Die SPÖ wird diese „linke Alternative“ nicht sein – Gusenbauer hat klar gemacht, dass er (mit Ausnahme der Studiengebühren) nicht für einen wesentlich anderen Kurs steht. Das ist z.B. bei der Frage der Postprivatisierung deutlich geworden, wo die SPÖ nicht gegen die Privatisierung ist.

Am 25. März war in Wien eine Veranstaltung der Sozialistischen Jugend (der SPÖ-Jugendorganisation) auf der Gusenbauer gesprochen hat – quasi ein Heimspiel, wo er risikolos und wahltaktisch durchaus sinnvoll den „Linken“ hätte heraushängen lassen können. Auf die wirklich aufgelegte Frage nach „Bush oder Chavez“ hat er keine Sympathie für Chavez gezeigt sondern stattdessen die neue chilenische Präsidentin gelobt – obwohl die Sozialdemokratie in Chile beteiligt am Sozialabbaus ist. Das ist nur ein kleines Beispiel – aber es zeigt, das die SPÖ nicht einmal mehr aus populistischen Gründen auf linke Signale setzt. Die praktische Politik sieht sowieso anders, nämlich neoliberal, aus.

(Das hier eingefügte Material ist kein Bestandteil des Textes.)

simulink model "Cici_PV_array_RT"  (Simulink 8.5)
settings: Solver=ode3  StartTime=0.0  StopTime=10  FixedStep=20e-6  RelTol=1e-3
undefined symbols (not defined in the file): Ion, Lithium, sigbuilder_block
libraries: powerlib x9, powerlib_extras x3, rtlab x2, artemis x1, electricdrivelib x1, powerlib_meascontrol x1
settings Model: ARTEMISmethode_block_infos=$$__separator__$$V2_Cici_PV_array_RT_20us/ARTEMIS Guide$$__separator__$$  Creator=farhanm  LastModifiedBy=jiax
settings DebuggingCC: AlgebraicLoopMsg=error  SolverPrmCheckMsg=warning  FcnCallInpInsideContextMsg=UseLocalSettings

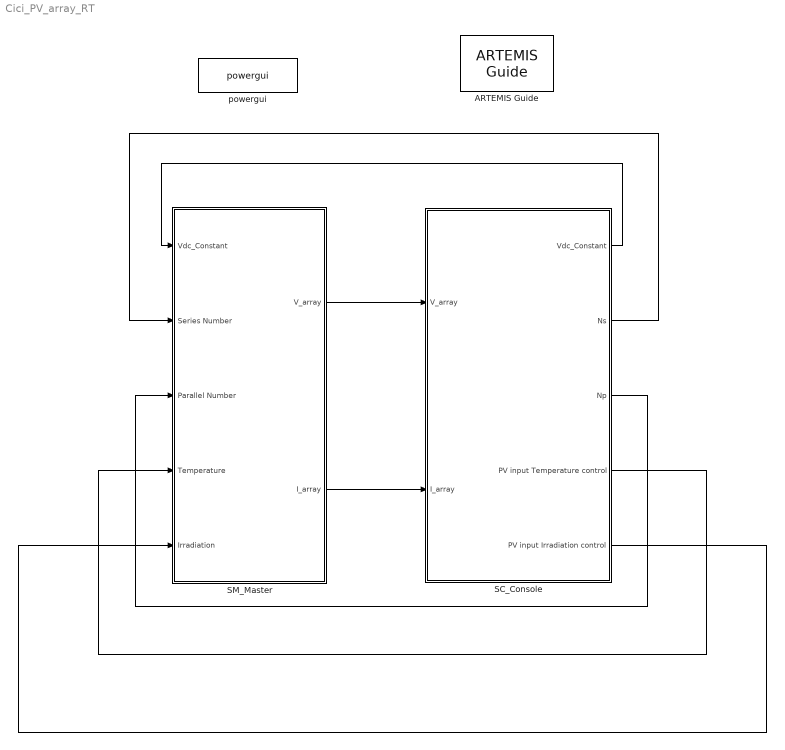
== system Cici_PV_array_RT ==
  ARTEMIS Guide : artemis/ARTEMIS/ARTEMIS Guide  Tag=FTSSmethode_opal_4hx0r99  Description=5.0_z1  lock=on  Ts=20e-6  opt=art5  dyna=off  nb_perm=4  RT_fullcomp=off  ssn=on  ssn_itvc=off  ssn_ivic=off  ssn_ext=off  ssn_solver=Art5  ssn_impulse=off  ssn_quasimpulse=off  ssn_impulse_loop=2  paraExtinctionThy=off  Thy_Impulse=on  dtc=Off  dtc_opt=normal  ao=on  simtype=off  ct_mac=off  lin_mov=off  lsp=[0.001 2]  spike_skip=Disabled  dtc_extra=1  dtc_sws=normal  dtc_pied=0.5  SPSRulesBlock=SPSRules  tre=on  ctmm=off  LF=off  dpl_type=ARTEMiS DPL  rlc_type=off  custom_type=off  para=on  ssn_ImpulseLoopBlockedStateUpdate=2  ssn_mov_iter_number=5  ssn_switch_iter_number=5  ssn_nib_type_verify=on  ssn_use_lu=on  ssn_use_ldlt=off
  SC_Console : Subsystem
  SM_Master : Subsystem
  powergui : powerlib/powergui  Priority=1  SimulationMode=Discrete  SolverType=Tustin  SampleTime=20e-6  frequency=60  SPID=off  DisableSnubberDevices=off  DisableRonSwitches=off  DisableVfSwitches=off  SwTol=0  DisplayEquations=off  Interpol=off  methode=off  Ts=100  FunctionMessages=off  echomessages=off  HookPort=off  EnableUseOfTLC=off  x0status=blocks  frequencyindice=0  Pbase=0.5e6  ErrMax=1e-4  Iterations=50  UnitsV=kV  UnitsW=MW  buscounter=0  RestoreLinks=warning  ResistiveCurrentMeasurement=off  Frange=[0:2:500]  Ylog=off  Xlog=on  ShowGrid=off  save=off  variable=ZData  structure=0  ZoomFFT=off  StartTime=0.0  cycles=1  DisplayStyle=1  fundamental=60  FreqAxis=off  MaxFrequency=1000  frequencyindicesteady=1  RmsSteady=1  display=off
  wires:
  SM_Master/1(V_array) -> SC_Console/1(V_array)
  SM_Master/2(I_array) -> SC_Console/2(I_array)
  SC_Console/1(" Vdc_Constant") -> SM_Master/1(Vdc_Constant)
  SC_Console/2(" Ns") -> SM_Master/2(Series Number)
  SC_Console/3(" Np") -> SM_Master/3(Parallel Number)
  SC_Console/4(" PV input Temperature control") -> SM_Master/4(Temperature)
  SC_Console/5(PV input Irradiation control) -> SM_Master/5(Irradiation)

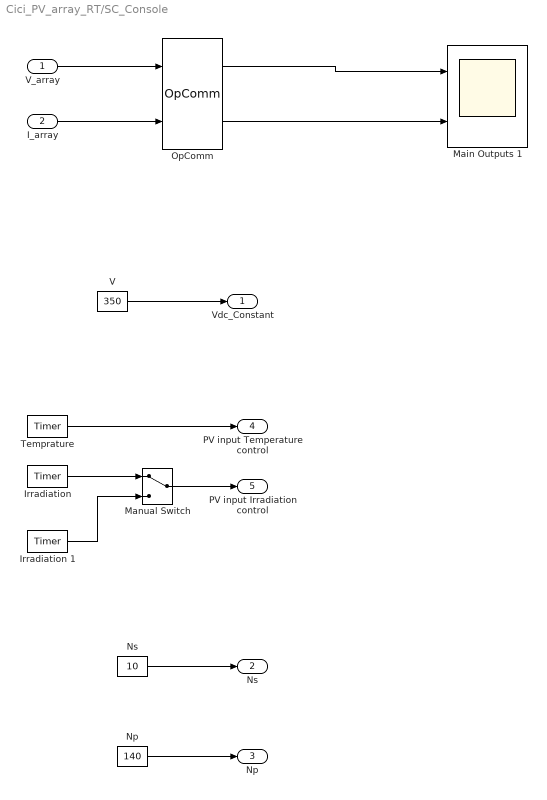
== system Cici_PV_array_RT/SC_Console ==
  V_array : Inport
  I_array : Inport  Port=2
  "Irradiation " : powerlib_extras/Control  Blocks/Timer  t=[0 10 35]  e=[1000 500 1000]
  Irradiation 1 : powerlib_extras/Control  Blocks/Timer  t=[0 10 15 20 25 30 35 40 45 50 55]  e=[1000 1000 950 800 900 700 650 600 600 500 450]
  Main Outputs 1 : Scope  NumInputPorts=2
      settings: TimeRange=10  YMin=0~375  YMax=900~700  SaveName=ScopeData24
  Manual Switch : ManualSwitch
  Np : Constant  Value=140
  Ns : Constant  Value=10
  OpComm : rtlab/OpComm  nbport=2  groupe_acq=1  subsys_rate=20e-6  st=0  Synchronization=on  Interpolation=on  Threshold=1.0  Missed_Data=off  Sim_Time=off  Samples=off  dynSigOut=off  from_console=0  warning_done=off  writeOpCommFile=off  Offset=off
  Temprature : powerlib_extras/Control  Blocks/Timer  t=[0 40 45]  e=[25 25 25]
  V : Constant  Value=350
  " Vdc_Constant" : Outport
  " Ns" : Outport  Port=2
  " Np" : Outport  Port=3
  " PV input Temperature control" : Outport  Port=4
  PV input Irradiation control : Outport  Port=5
  wires:
  V/1 -> " Vdc_Constant"/1
  Ns/1 -> " Ns"/1
  Temprature/1 -> " PV input Temperature control"/1
  Np/1 -> " Np"/1
  "Irradiation "/1 -> Manual Switch/1
  Irradiation 1/1 -> Manual Switch/2
  Manual Switch/1 -> PV input Irradiation control/1
  V_array/1 -> OpComm/1
  I_array/1 -> OpComm/2
  OpComm/1 -> Main Outputs 1/1
  OpComm/2 -> Main Outputs 1/2

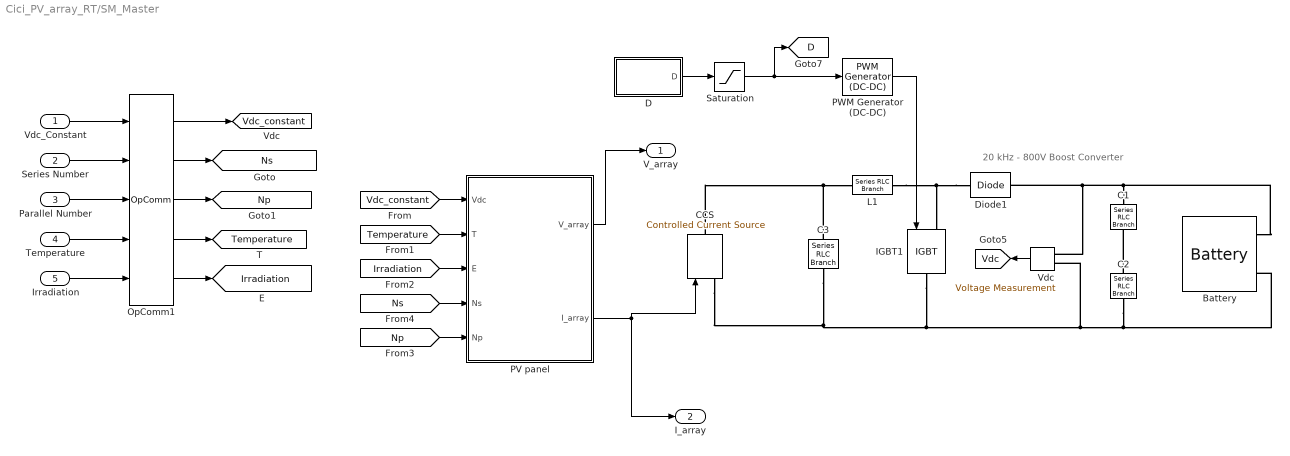
== system Cici_PV_array_RT/SM_Master ==
  note: 20 kHz - 800V
      | Boost Converter
  Vdc_Constant : Inport
  Series Number : Inport  Port=2
  Parallel Number : Inport  Port=3
  Temperature : Inport  Port=4
  Irradiation : Inport  Port=5
  Battery : electricdrivelib/Extra Sources/Battery  BatType=Lithium-Ion  ShowDetailedParameters=off  NomV=800  NomQ=1000  SOC=10  PresetModel=on  MaxQ=1000  FullV=931.1897  Dis_rate=434.7826  R=0.008  Normal_OP=904.3478  expZone="[864.3087      49.13043]"  current=[6.5 13 32.5]  Units=Time  Batt_Tr=30
  C1 : powerlib/Elements/Series RLC Branch  LConnTagsString=__new0  RConnTagsString=__new0  BranchType=C  Resistance=1.0  Inductance=1.0  SetiL0=off  InitialCurrent=0  Capacitance=12000e-06  Setx0=off  InitialVoltage=0  Measurements=None
  C2 : powerlib/Elements/Series RLC Branch  LConnTagsString=__new0  RConnTagsString=__new0  BranchType=C  Resistance=1.0  Inductance=1.0  SetiL0=off  InitialCurrent=0  Capacitance=12000e-06  Setx0=off  InitialVoltage=0  Measurements=None
  C3 : powerlib/Elements/Series RLC Branch  LConnTagsString=__new0  RConnTagsString=__new0  BranchType=C  Resistance=1.0  Inductance=1.0  SetiL0=off  InitialCurrent=0  Capacitance=100e-6  Setx0=off  InitialVoltage=0  Measurements=Branch voltage
  CCS : powerlib/Electrical Sources/Controlled Current Source  Initialize=on  Source_Type=DC  Amplitude=0  Phase=0  Frequency=0  Measurements=Current
  D : Subsystem  Tag=STV Subsys  LoadFcn=sigbuilder_block('load');  StartFcn=sigbuilder_block('start');  StopFcn=sigbuilder_block('stop');  ClipboardFcn=sigbuilder_block('clipboard');  mask(Sigbuilder block){}
      mask help: Sigbuilder GUI
      mask init:
      | if ~strcmp(get_param(bdroot(gcbh),'SimulationStatus'),'stopped') tuvar = sigbuilder_block('maskInit'); end
      settings: CopyFcn=sigbuilder_block('copy');  DeleteFcn=sigbuilder_block('delete');  ModelCloseFcn=sigbuilder_block('modelClose');  PreSaveFcn=sigbuilder_block('preSave');  PauseFcn=sigbuilder_block('pause')  ContinueFcn=sigbuilder_block('continue')  NameChangeFcn=sigbuilder_block('namechange');  OpenFcn=sigbuilder_block('open',[6 30 1012.5 446.25 ]);  CloseFcn=sigbuilder_block('close');
      mask Display: plot(0,0,100,100,[10,10,40,40,10],[80,20,20,80,80],[40,10],[50,50], [40,27,10],[65,72,56],[40,25,25,10],[28,28,43,43]);
  Diode1 : powerlib/Power Electronics/Diode  Ron=1e-4  Lon=0  Vf=0  IC=0  UseSnubber=off  Rs=inf  Cs=inf  Measurements=off
  IGBT1 : powerlib/Power Electronics/IGBT  Ron=0.001  Lon=0  Vf=0  Tf=0  Tt=0  IC=0  Rs=1e5  Cs=inf  Measurements=off
  L1 : powerlib/Elements/Series RLC Branch  LConnTagsString=__new0  RConnTagsString=__new0  BranchType=RL  Resistance=0.005  Inductance=5e-3  SetiL0=off  InitialCurrent=0  Capacitance=1e-6  Setx0=off  InitialVoltage=0  Measurements=None
  OpComm1 : rtlab/OpComm  nbport=5  groupe_acq=1  subsys_rate=20e-6  st=0  Synchronization=on  Interpolation=on  Threshold=1.0  Missed_Data=off  Sim_Time=off  Samples=off  dynSigOut=off  from_console=1  warning_done=off  writeOpCommFile=off  Offset=off
  "PV panel " : Subsystem  mask{Voc=43.8, Isc=5, Vmpp=35, Impp=4.58, beta_Voc=-0.1, alpha_Isc=0.00002, Ncell=40}
      mask prompts: Voc "Open Circuit Voltage Voc (V)"; Isc "Short Circuit Current Isc (A)"; Vmpp "Voltage at Maximum Power Point Vmpp (V)"; Impp "Current at Maximum Power Point Impp (A)"; beta_Voc "Temperature Coefficient of Voc (%/deg.C)"; alpha_Isc "Temperature Coefficient of Isc (%/deg.C)"; Ncell "Cells per Module (Ncell)"
  PWM Generator (DC-DC) : powerlib_meascontrol/Pulse & Signal Generators/PWM Generator (DC-DC)  Fsw=20000  Ts=20e-06
  Saturation : Saturate  UpperLimit=0.8  LowerLimit=0.2
  "Vdc " : powerlib/Measurements/Voltage Measurement  Tag=PoWeRsYsTeMmEaSuReMeNt  PhasorSimulation=off  OutputType=Magnitude  PSBequivalent=0
  V_array : Outport
  I_array : Outport  Port=2
  tag scope: D=global, Irradiation=global, Np=global, Ns=global, Temperature=global, Vdc=global, Vdc_constant=global
  wires:
  "Vdc "/1 -> [Vdc]
  Saturation/1 -> PWM Generator (DC-DC)/1, [D]
  D/1(D) -> Saturation/1
  PWM Generator (DC-DC)/1 -> IGBT1/1
  Vdc_Constant/1 -> OpComm1/1
  Series Number/1 -> OpComm1/2
  Parallel Number/1 -> OpComm1/3
  Temperature/1 -> OpComm1/4
  Irradiation/1 -> OpComm1/5
  OpComm1/1 -> [Vdc_constant]
  OpComm1/2 -> [Ns]
  OpComm1/3 -> [Np]
  OpComm1/4 -> [Temperature]
  OpComm1/5 -> [Irradiation]
  [Temperature] -> "PV panel "/2(T)
  [Irradiation] -> "PV panel "/3(E)
  [Vdc_constant] -> "PV panel "/1(Vdc)
  "PV panel "/1(V_array) -> V_array/1
  "PV panel "/2(I_array) -> CCS/1, I_array/1
  [Ns] -> "PV panel "/4(Ns)
  [Np] -> "PV panel "/5(Np)
  connections:
  "Vdc "/LConn1 -- Battery/LConn1 -- C1/LConn1 -- Diode1/RConn1
  Diode1/LConn1 -- IGBT1/LConn1 -- L1/RConn1
  "Vdc "/LConn2 -- CCS/LConn1 -- C3/RConn1 -- IGBT1/RConn1 -- C2/RConn1 -- Battery/LConn2
  C3/LConn1 -- L1/LConn1 -- CCS/RConn1
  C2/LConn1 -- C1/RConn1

Die SLP ist davon überzeugt, dass eine wirkliche linke Alternative notwendig ist – das sie sich aber von früheren „Bündnisprojekten“ wesentlich unterscheiden muss. Wir waren und sind zur Zusammenarbeit mit anderen linken Gruppen, Organisationen und Parteien bereit – wir haben 1996 in einem Wahlbündnis mit der KPÖ kandidiert (das keineswegs unproblematisch war). Wir haben in der Widerstandsbewegung 2000, in der Antifaschistischen Bewegung und im Rahmen unserer Frauenarbeit immer gezeigt, dass es uns nicht um Organisations-Chauvinismus, sondern um solidarische Zusammenarbeit und ein klares Programm geht. Wir halten es aber für unbedingt notwendig, aus den bisherigen linken Projekten – in Österreich und International – zu lernen und Fehler zu vermeiden.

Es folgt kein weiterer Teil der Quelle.